ENTRIES SUPPLIED
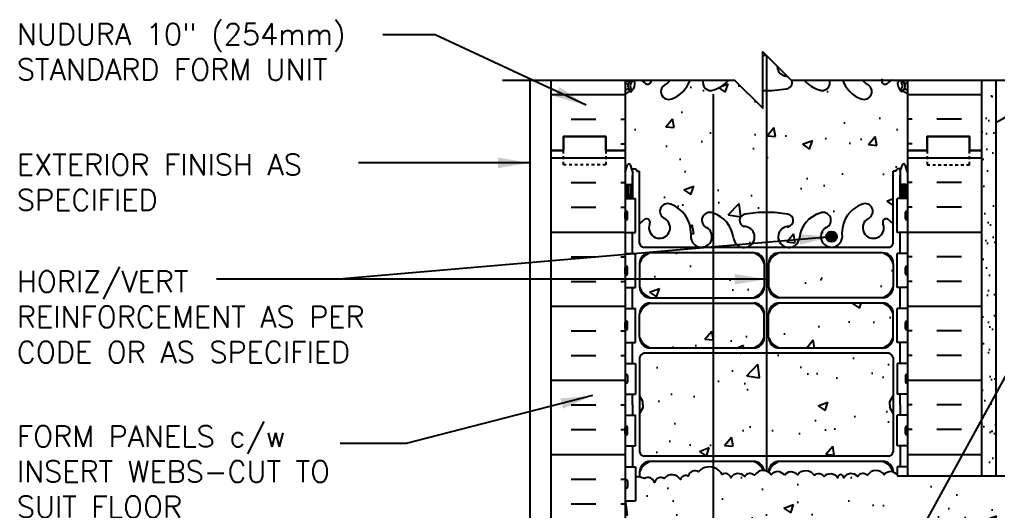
# Model space of a CAD drawing. Header units: inches. Extents: x 309 to 413, y 103 to 166.
# Drawn here: x 359.95 to 394.61, y 149 to 166.43 of the extents above; entities that cross this region are included whole.
import ezdxf

# ---------------------------------------------------------------- set-up
doc = ezdxf.new("R2010")
doc.units = ezdxf.units.IN
doc.header["$LTSCALE"] = 0.5
doc.header["$MEASUREMENT"] = 0
doc.linetypes.add('DASHED2', pattern=[0.375, 0.25, -0.125])
for name, color, linetype in [('HATCH', 12, 'Continuous'), ('line25', 2, 'Continuous'), ('LINE3', 3, 'Continuous'), ('LINE50', 5, 'Continuous'), ('LINE9', 9, 'Continuous'), ('TEXT', 4, 'Continuous'), ('Web_Edge', 9, 'Continuous')]:
    doc.layers.add(name, color=color, linetype=linetype)
doc.styles.add('DIM', font='romans.shx', dxfattribs={"width": 0.7})
doc.styles.add('ROMANS', font='romans.shx', dxfattribs={"height": 0.75})
doc.dimstyles.new('ext_12', dxfattribs={"dimscale": 12, "dimtxt": 0.09375, "dimasz": 0.09375, "dimexe": 0.09375, "dimexo": 0.0625, "dimgap": 0.0625, "dimtad": 1, "dimdec": 1, "dimzin": 3, "dimdsep": 46, "dimlunit": 4, "dimtxsty": 'DIM', "dimcen": 0.09, "dimdle": 0.09375, "dimclrt": 4, "dimadec": 0, "dimazin": 0, "dimtfac": 1, "dimtdec": 1, "dimtmove": 2, "dimatfit": 3, "dimfxl": 1, "dimfrac": 2, "dimtolj": 1, "dimtzin": 0, "dimarcsym": 0})
pattern_1 = [(50, (0, 0), (3.5863, -0.31376), [0.375, -4.125]), (355, (0, 0), (-0.693757, 3.76096), [0.3, -3.3]), (100.4514, (0.299, -0.026), (2.892544, 3.4472), [0.3187, -3.50571]), (46.1842, (0, 1), (5.336207, -0.827596), [0.5625, -6.1875]), (96.6356, (0.4447, 0.931), (4.67331, 4.87059), [0.47805, -5.25857]), (351.1842, (0, 1), (4.67331, 4.87059), [0.45, -4.95]), (21, (0.5, 0.75), (2.984535, -2.013094), [0.375, -4.125]), (326, (0.5, 0.75), (1.216577, 3.62575), [0.3, -3.3]), (71.4514, (0.7487, 0.5822), (4.201112, 1.612656), [0.3187, -3.50571]), (37.5, (0, 0), (0.0607993, 1.6644693), [0, -3.26, 0, -3.35, 0, -3.3125]), (7.5, (0, 0), (1.315348, 1.9720586), [0, -1.91, 0, -3.185, 0, -1.2625]), (327.5, (-1.115, 0), (2.669112, -0.1127744), [0, -1.25, 0, -3.9, 0, -5.175]), (317.5, (-1.615, 0), (2.915931, 0.500525), [0, -1.625, 0, -2.59, 0, -3.675])]

msp = doc.modelspace()

# ---------------------------------------------------------------- hatches: boundary and pattern name
at = {"layer": 'HATCH'}
h = msp.add_hatch(dxfattribs=at)
h.set_pattern_fill('INSUL', color=256, scale=7, style=0)
h.set_pattern_definition([(0, (-2544.7688, -235.2274), (0, 2.625), []), (0, (-2544.7688, -234.3524), (0, 2.625), [0.875, -0.875]), (0, (-2544.7688, -233.4774), (0, 2.625), [0.875, -0.875])])
h.paths.add_polyline_path([(381.393, 164.282), (378.768, 164.282), (378.768, 161.782), (379.205, 161.782), (379.205, 162.282), (380.705, 162.282), (380.705, 161.782), (381.393, 161.782)])
h = msp.add_hatch(dxfattribs=at)
h.set_pattern_fill('AR-CONC', color=256, scale=0.5)
h.set_pattern_definition(pattern_1)
h.paths.add_polyline_path([(391.393, 163.782, 0.08841), (391.247, 163.879), (391.157, 163.879), (391.157, 163.921, -0.249069), (391.047, 164.128), (391.047, 164.196, -0.414214), (391.109, 164.258), (391.157, 164.258), (391.157, 164.282), (390.829, 164.282, 0.097816), (390.694, 164.177, -0.764001), (390.477, 164.282), (389.81, 164.282, 0.143503), (389.956, 164.13, -1), (389.742, 163.619, -0.223023), (389.094, 164.282), (388.627, 164.282, -0.648279), (388.259, 163.936, -0.153931), (387.742, 164.282), (387.289, 164.282, -0.507939), (387.107, 163.977, -0.055842), (386.268, 163.915), (386.268, 163.282), (385.268, 164.282), (385.043, 164.282, -0.153931), (384.527, 163.936, -0.648279), (384.158, 164.282), (383.692, 164.282, -0.223023), (383.044, 163.619, -1), (382.83, 164.13, 0.143503), (382.976, 164.282), (382.309, 164.282, -0.763977), (382.091, 164.177, 0.09782), (381.956, 164.282), (381.629, 164.282), (381.629, 164.258), (381.676, 164.258, -0.414214), (381.739, 164.196), (381.739, 164.128, -0.249069), (381.629, 163.921), (381.629, 163.879), (381.539, 163.879, 0.088416), (381.393, 163.782), (381.393, 161.782), (381.393, 161.023), (381.472, 161.265, -0.725737), (381.578, 161.283), (381.627, 161.133), (381.753, 161.133, -0.414214), (381.803, 161.083), (381.803, 161.053), (381.903, 161.053), (381.903, 159.216, 0.108933), (382.055, 159.329, -0.8344), (382.267, 159.204), (382.255, 159.182, 2.155404), (382.794, 159.377, -1), (383.008, 159.888, -0.311223), (383.716, 158.872), (383.716, 158.707, 1.661382), (384.277, 159.06, -1), (384.491, 159.571, -0.30095), (385.227, 158.698, 1.661382), (385.788, 159.051, 0.055617), (385.609, 159.097, -0.843243), (385.643, 159.529, -0.049932), (386.393, 159.594, -0.049932), (387.143, 159.529, -0.843243), (387.177, 159.097, 0.055617), (386.998, 159.051, 1.661382), (387.559, 158.698, -0.30095), (388.295, 159.571, -1), (388.509, 159.06, 1.661382), (389.07, 158.707), (389.069, 158.852, -0.316114), (389.778, 159.888, -1), (389.992, 159.377, 2.155404), (390.53, 159.182), (390.519, 159.204, -0.834375), (390.73, 159.329, 0.10894), (390.883, 159.216), (390.883, 161.053), (390.983, 161.053), (390.983, 161.083, -0.414214), (391.033, 161.133), (391.159, 161.133), (391.202, 161.265, -0.725737), (391.308, 161.283), (391.393, 161.023), (391.393, 161.782)])
h.paths.add_polyline_path([(390.883, 154.456, 0.268138), (390.722, 154.604), (382.064, 154.604, 0.268156), (381.903, 154.456), (381.903, 153.094), (382.023, 152.894), (382.023, 152.782), (382.023, 152.67), (381.903, 152.47), (381.903, 151.108, 0.268156), (382.064, 150.96), (390.722, 150.96, 0.268138), (390.883, 151.108), (390.883, 152.47), (390.763, 152.67), (390.763, 152.782), (390.763, 152.894), (390.883, 153.094)])
h.paths.add_polyline_path([(402.456, 149.017), (402.456, 150.267), (391.028, 150.267), (391.028, 150.282, 0.513851), (390.567, 150.304, 0.520567), (389.969, 150.283, 0.520567), (389.624, 150.234, 0.520567), (389.133, 150.191, 0.222996), (389.028, 150.324, 0.222996), (388.922, 150.191, 0.520567), (388.432, 150.234, 0.520567), (388.087, 150.283, 0.520567), (387.488, 150.304, 0.513851), (387.028, 150.282, 0.513851), (386.567, 150.304, 0.520567), (385.969, 150.283, 0.520567), (385.624, 150.234, 0.520567), (385.133, 150.191, 0.520567), (384.829, 150.312, 0.132818), (384.643, 150.507, 0.362673), (383.99, 150.407, 0.520567), (383.628, 150.251, 0.520567), (383.346, 150.13, 0.520567), (382.774, 150.17, 0.520567), (382.432, 150.023, 0.520567), (382.073, 150.166, 0.135519), (381.758, 150.225), (381.758, 149.377), (381.393, 149.377), (381.393, 148.627), (381.758, 148.627), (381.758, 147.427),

WORK REQUIRED
Look for the string "romans" in the data above and return every line that has it.

THE COMPLETED TASK
doc.styles.add('DIM', font='romans.shx', dxfattribs={"width": 0.7})
doc.styles.add('ROMANS', font='romans.shx', dxfattribs={"height": 0.75})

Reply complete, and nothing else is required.